Your goal: Output the lines from the top of the entries below to the line with "Board: 2 copper", both included, exactly and without pictures.

──────── Task inputs ────────

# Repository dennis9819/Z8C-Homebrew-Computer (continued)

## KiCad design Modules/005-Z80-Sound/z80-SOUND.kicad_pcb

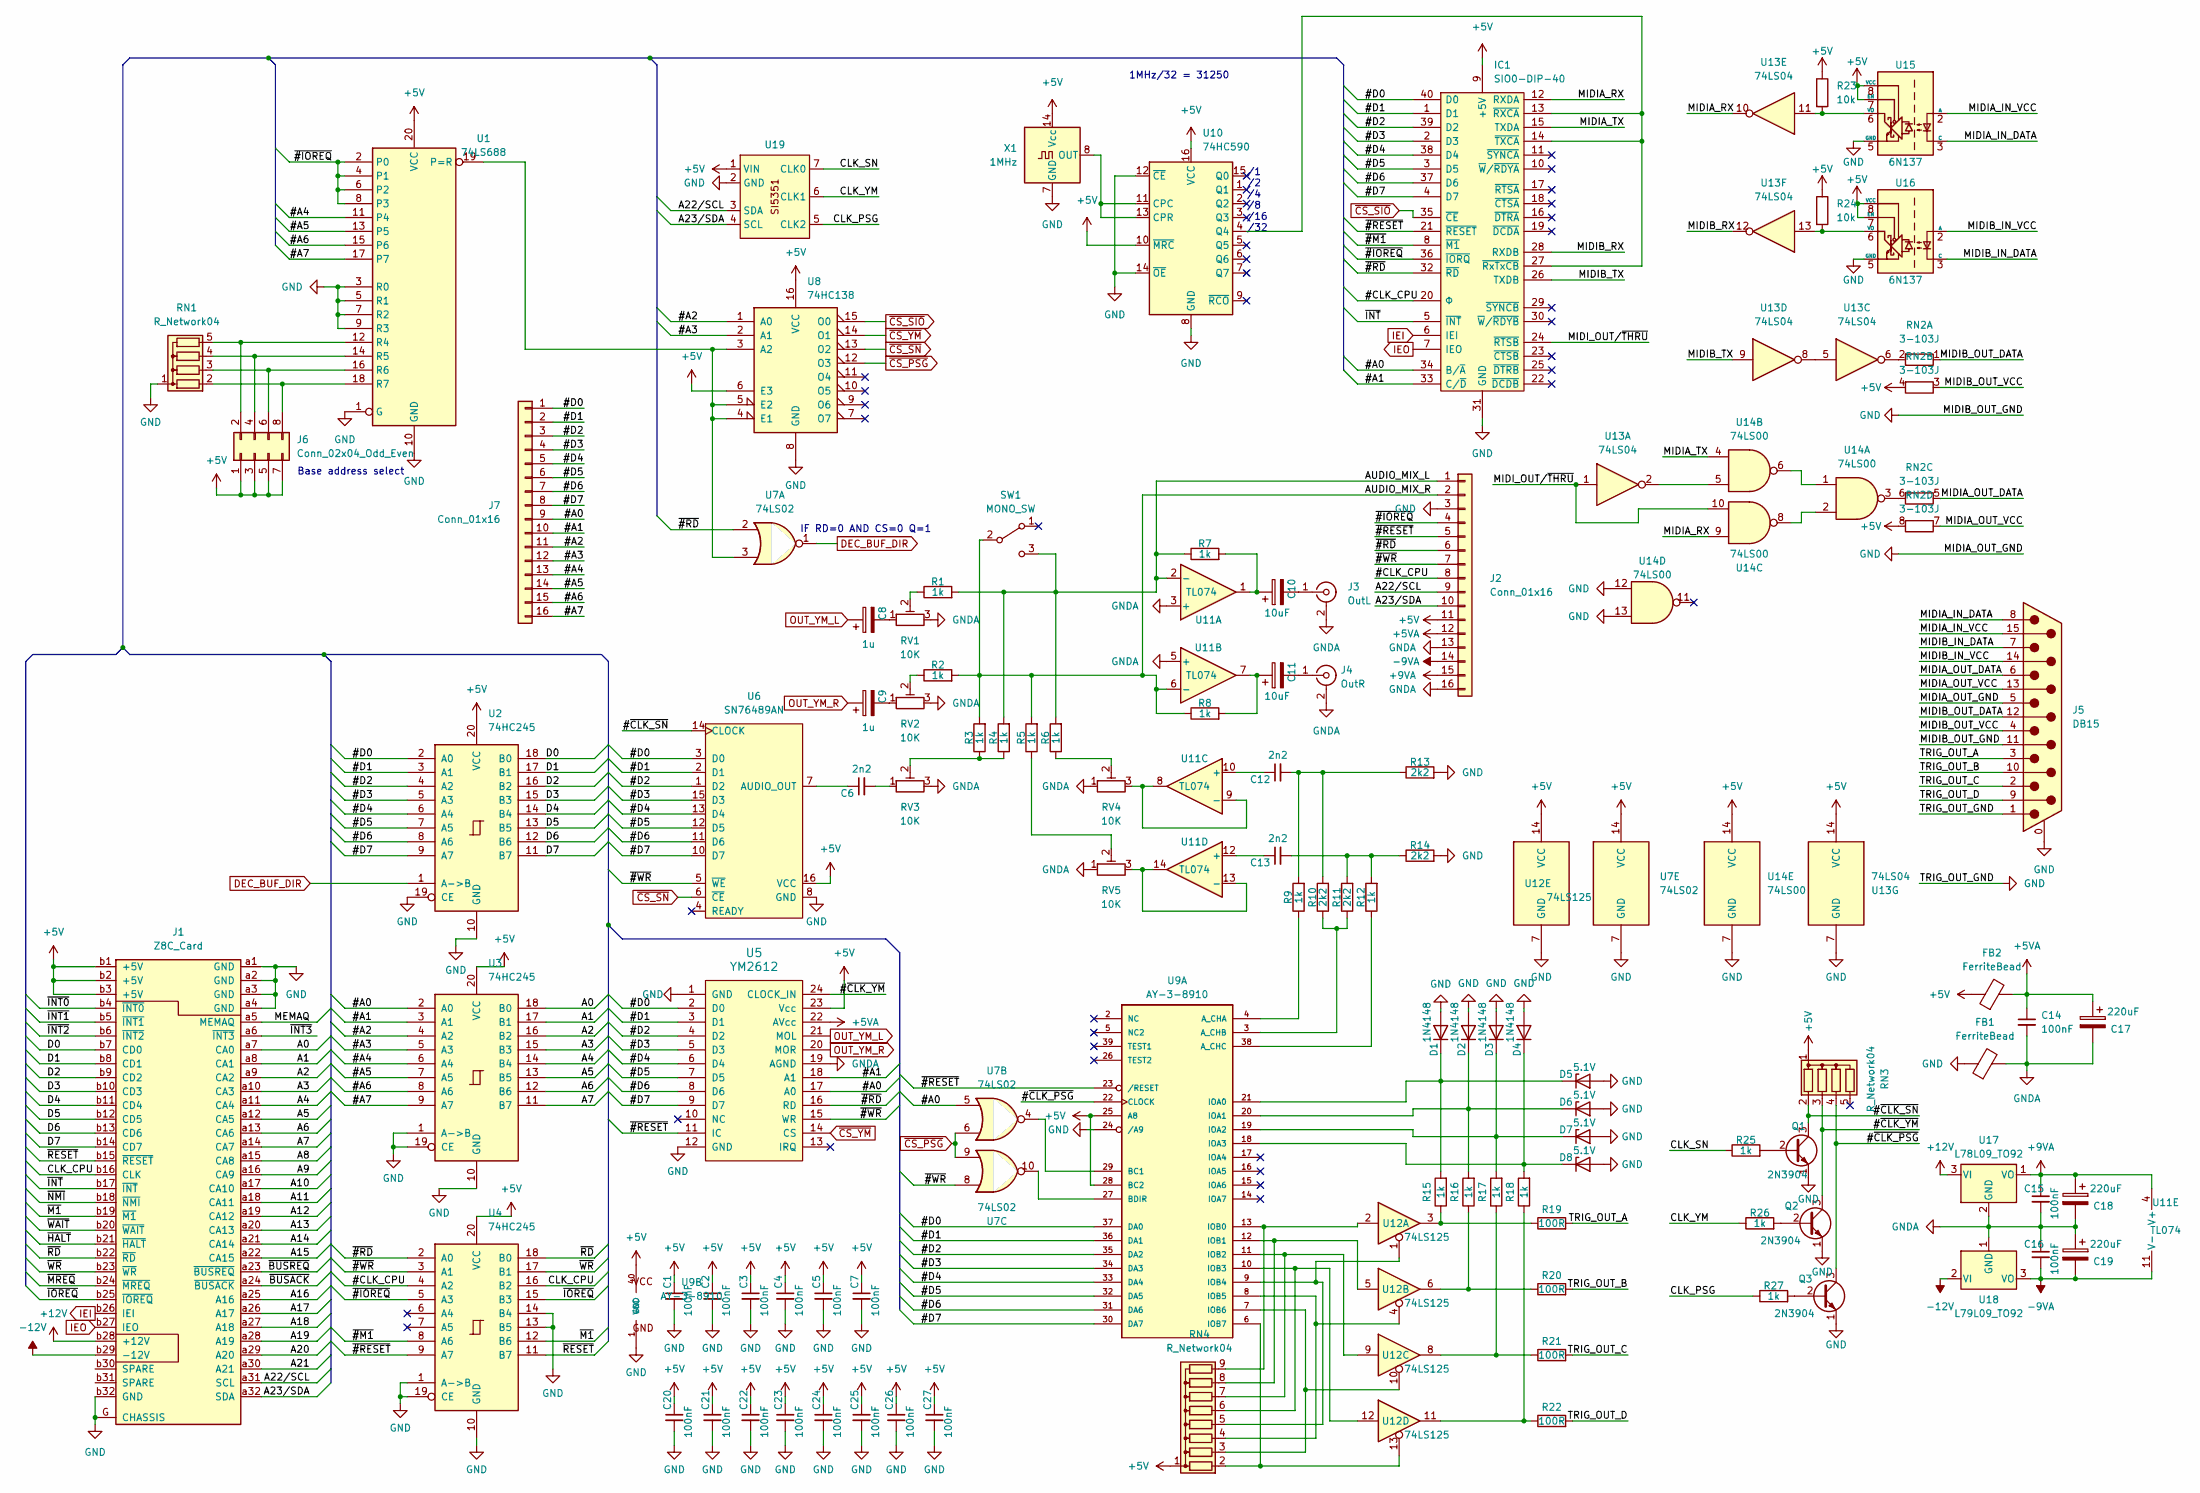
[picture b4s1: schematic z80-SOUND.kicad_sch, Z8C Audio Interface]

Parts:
C1, C2, C3, C4, C5, C7, C14, C15, C16, C20, C21, C22, C23, C24, C25, C26, C27: 100nF; C_Rect_L7.0mm_W2.0mm_P5.00mm
C6, C12, C13: 2n2; C_Rect_L7.0mm_W2.0mm_P5.00mm
C8, C9: 1u; CP_Radial_D6.3mm_P2.50mm
C10, C11: 10uF; CP_Radial_D6.3mm_P2.50mm
C17, C18, C19: 220uF; CP_Radial_D8.0mm_P3.50mm
D1, D2, D3, D4: 1N4148; D_DO-35_SOD27_P7.62mm_Horizontal
D5, D6, D7, D8: 5.1V; D_DO-34_SOD68_P7.62mm_Horizontal
FB1, FB2: FerriteBead; R_Axial_DIN0414_L11.9mm_D4.5mm_P15.24mm_Horizontal
IC1: SIO0-DIP-40; DIP-40_W15.24mm_Socket; Manufacturer_Part_Number Z84C4206PEG; Mouser Part Number 692-Z84C4206PEG
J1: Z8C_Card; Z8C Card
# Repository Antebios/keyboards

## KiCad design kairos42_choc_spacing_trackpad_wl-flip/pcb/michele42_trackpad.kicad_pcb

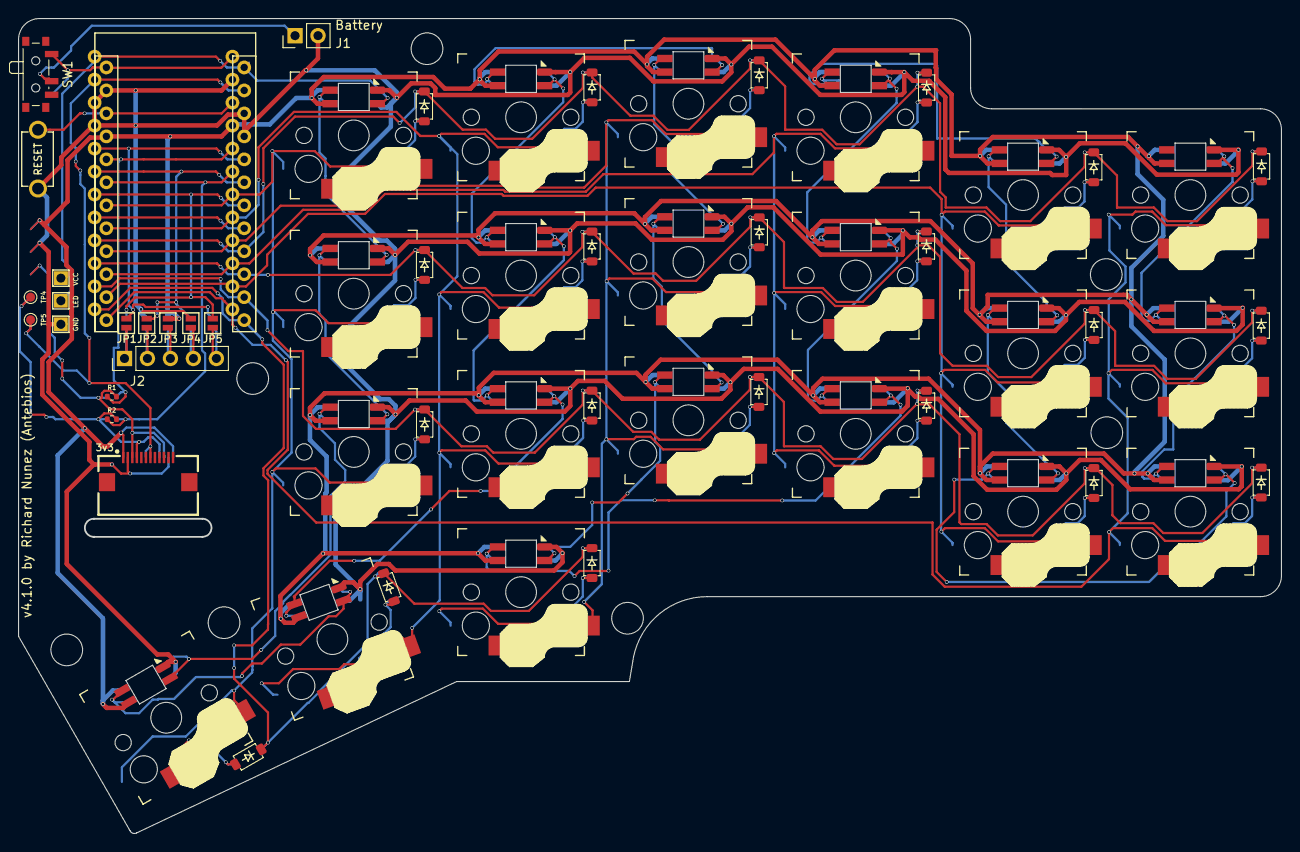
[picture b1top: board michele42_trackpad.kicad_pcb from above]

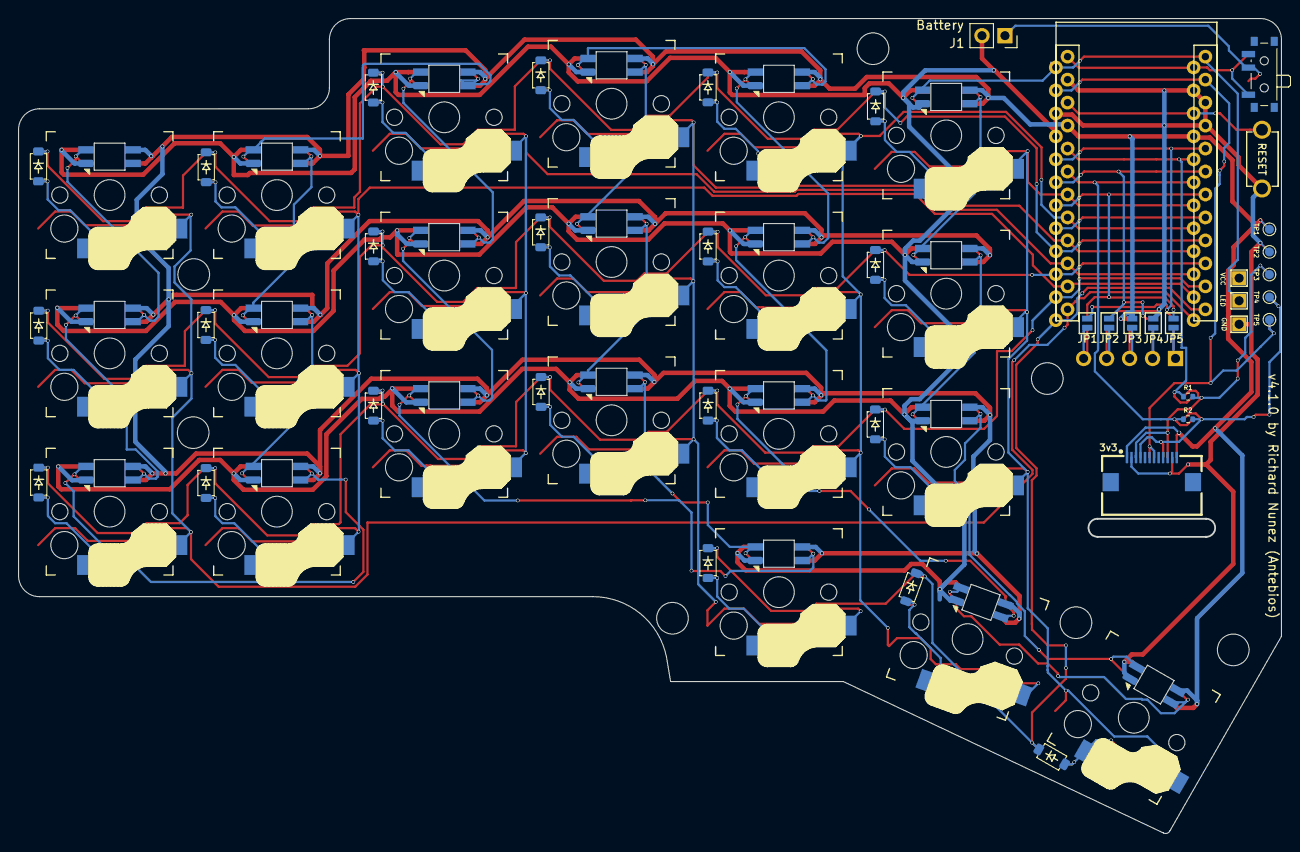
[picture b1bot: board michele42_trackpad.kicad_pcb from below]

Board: 2 copper layers, 139.5 x 90.0 mm, 99 parts (34 on the bottom side), 70 nets.

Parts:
D1, D2, D3, D4, D5, D6, D7, D8, D9, D10, D11, D12, D13, D14, D15, D16, D17, D18, D19, D20, D21: Diode; Diode_SOD-123-double-sided
D22, D23, D24, D25, D26, D27, D28, D29, D30, D31, D32, D33, D34, D35, D36, D37, D38, D39, D40, D41, D42: SK6812MINI-E; SK6812-MINI-E-double-side
H1, H2, H3, H4, H5, H6, H7: Mounting_Hole; MountingHole_3.5mm
J1: Battery; PinHeader_1x02_P2.54mm_Vertical
J2: OLED-5Pin; PinHeader_1x05_P2.54mm_Vertical
J3, J3#2: vik-keyboard-connector-horizontal
J4: LED
JP1, JP1#2, JP2, JP2#2, JP3, JP3#2, JP4, JP4#2, JP5, JP5#2: Jumper; jumper_data-MOD
R1, R1#2, R2, R2#2: 4.7k; R_0402_1005Metric
RSW1: SW_RST; TACT_SWITCH_TVBP06
S1, S2, S3, S4, S5, S6, S7, S8, S9, S10, S11, S12, S13, S14, S15, S16, S17, S18, S19, S20, S21: Keyswitch; Choc_Hotswap-double-sided
SW1: SW_Power; SW_SPDT_PCM12
TP1, TP2, TP3, TP4, TP4#2, TP5, TP5#2: TestPoint; TestPoint_Pad_D1.0mm
U1: MCU_Nice_Nano_V2; ProMicro

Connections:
BATTERY: SW1.1 (A), U1.24 (B+)
CS: JP5.2 (B), JP5#2.2 (B), U1.7 (D4)
Column 0: S1.2, S7.2, S13.2, S19.2, U1.18 (D19)
Column 1: S2.2, S8.2, S14.2, S20.2, U1.17 (D18)
Column 2: S3.2, S9.2, S15.2, S21.2, U1.16 (D15)
Column 3: S4.2, S10.2, S16.2, U1.15 (D14)
Column 4: S5.2, S11.2, S17.2, U1.14 (D16)
Column 5: S6.2, S12.2, S18.2, U1.13 (D10)
DRDY: J3.7 (GP_AD1), J3#2.7 (GP_AD1), TP5.1 (1_1), TP5#2.1 (1_1), U1.2 (D0)
GND: D22.3 (GND), D23.3 (GND), D24.3 (GND), D25.3 (GND), D26.3 (GND), D27.3 (GND), D28.3 (GND), D29.3 (GND), D30.3 (GND), D31.3 (GND), D32.3 (GND), D33.3 (GND), D34.3 (GND), D35.3 (GND), D36.3 (GND), D37.3 (GND), D38.3 (GND), D39.3 (GND), D40.3 (GND), D41.3 (GND), D42.3 (GND), J1.2, J3.2 (GND), J3#2.2 (GND), J4.3, JP4.2 (B), JP4#2.2 (B), RSW1.1, TP2.1 (1_1), U1.3 (GND), U1.4 (GND), U1.23 (GND)
LED: D22.4 (DIN), J4.2, U1.1 (D1)
MOSI: JP1.2 (B), JP1#2.2 (B), U1.5 (D2)
unnamed: D1.2 (A), S1.1
unnamed: D2.2 (A), S2.1
unnamed: D3.2 (A), S3.1
unnamed: D4.2 (A), S4.1
unnamed: D5.2 (A), S5.1
unnamed: D6.2 (A), S6.1
unnamed: D7.2 (A), S7.1
unnamed: D8.2 (A), S8.1
unnamed: D9.2 (A), S9.1
unnamed: D10.2 (A), S10.1
unnamed: D11.2 (A), S11.1
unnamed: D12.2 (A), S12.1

────────

Written reply:
# Repository dennis9819/Z8C-Homebrew-Computer (continued)

## KiCad design Modules/005-Z80-Sound/z80-SOUND.kicad_pcb

[picture b4s1: schematic z80-SOUND.kicad_sch, Z8C Audio Interface]

Parts:
C1, C2, C3, C4, C5, C7, C14, C15, C16, C20, C21, C22, C23, C24, C25, C26, C27: 100nF; C_Rect_L7.0mm_W2.0mm_P5.00mm
C6, C12, C13: 2n2; C_Rect_L7.0mm_W2.0mm_P5.00mm
C8, C9: 1u; CP_Radial_D6.3mm_P2.50mm
C10, C11: 10uF; CP_Radial_D6.3mm_P2.50mm
C17, C18, C19: 220uF; CP_Radial_D8.0mm_P3.50mm
D1, D2, D3, D4: 1N4148; D_DO-35_SOD27_P7.62mm_Horizontal
D5, D6, D7, D8: 5.1V; D_DO-34_SOD68_P7.62mm_Horizontal
FB1, FB2: FerriteBead; R_Axial_DIN0414_L11.9mm_D4.5mm_P15.24mm_Horizontal
IC1: SIO0-DIP-40; DIP-40_W15.24mm_Socket; Manufacturer_Part_Number Z84C4206PEG; Mouser Part Number 692-Z84C4206PEG
J1: Z8C_Card; Z8C Card
# Repository Antebios/keyboards

## KiCad design kairos42_choc_spacing_trackpad_wl-flip/pcb/michele42_trackpad.kicad_pcb

[picture b1top: board michele42_trackpad.kicad_pcb from above]

[picture b1bot: board michele42_trackpad.kicad_pcb from below]

Board: 2 copper layers, 139.5 x 90.0 mm, 99 parts (34 on the bottom side), 70 nets.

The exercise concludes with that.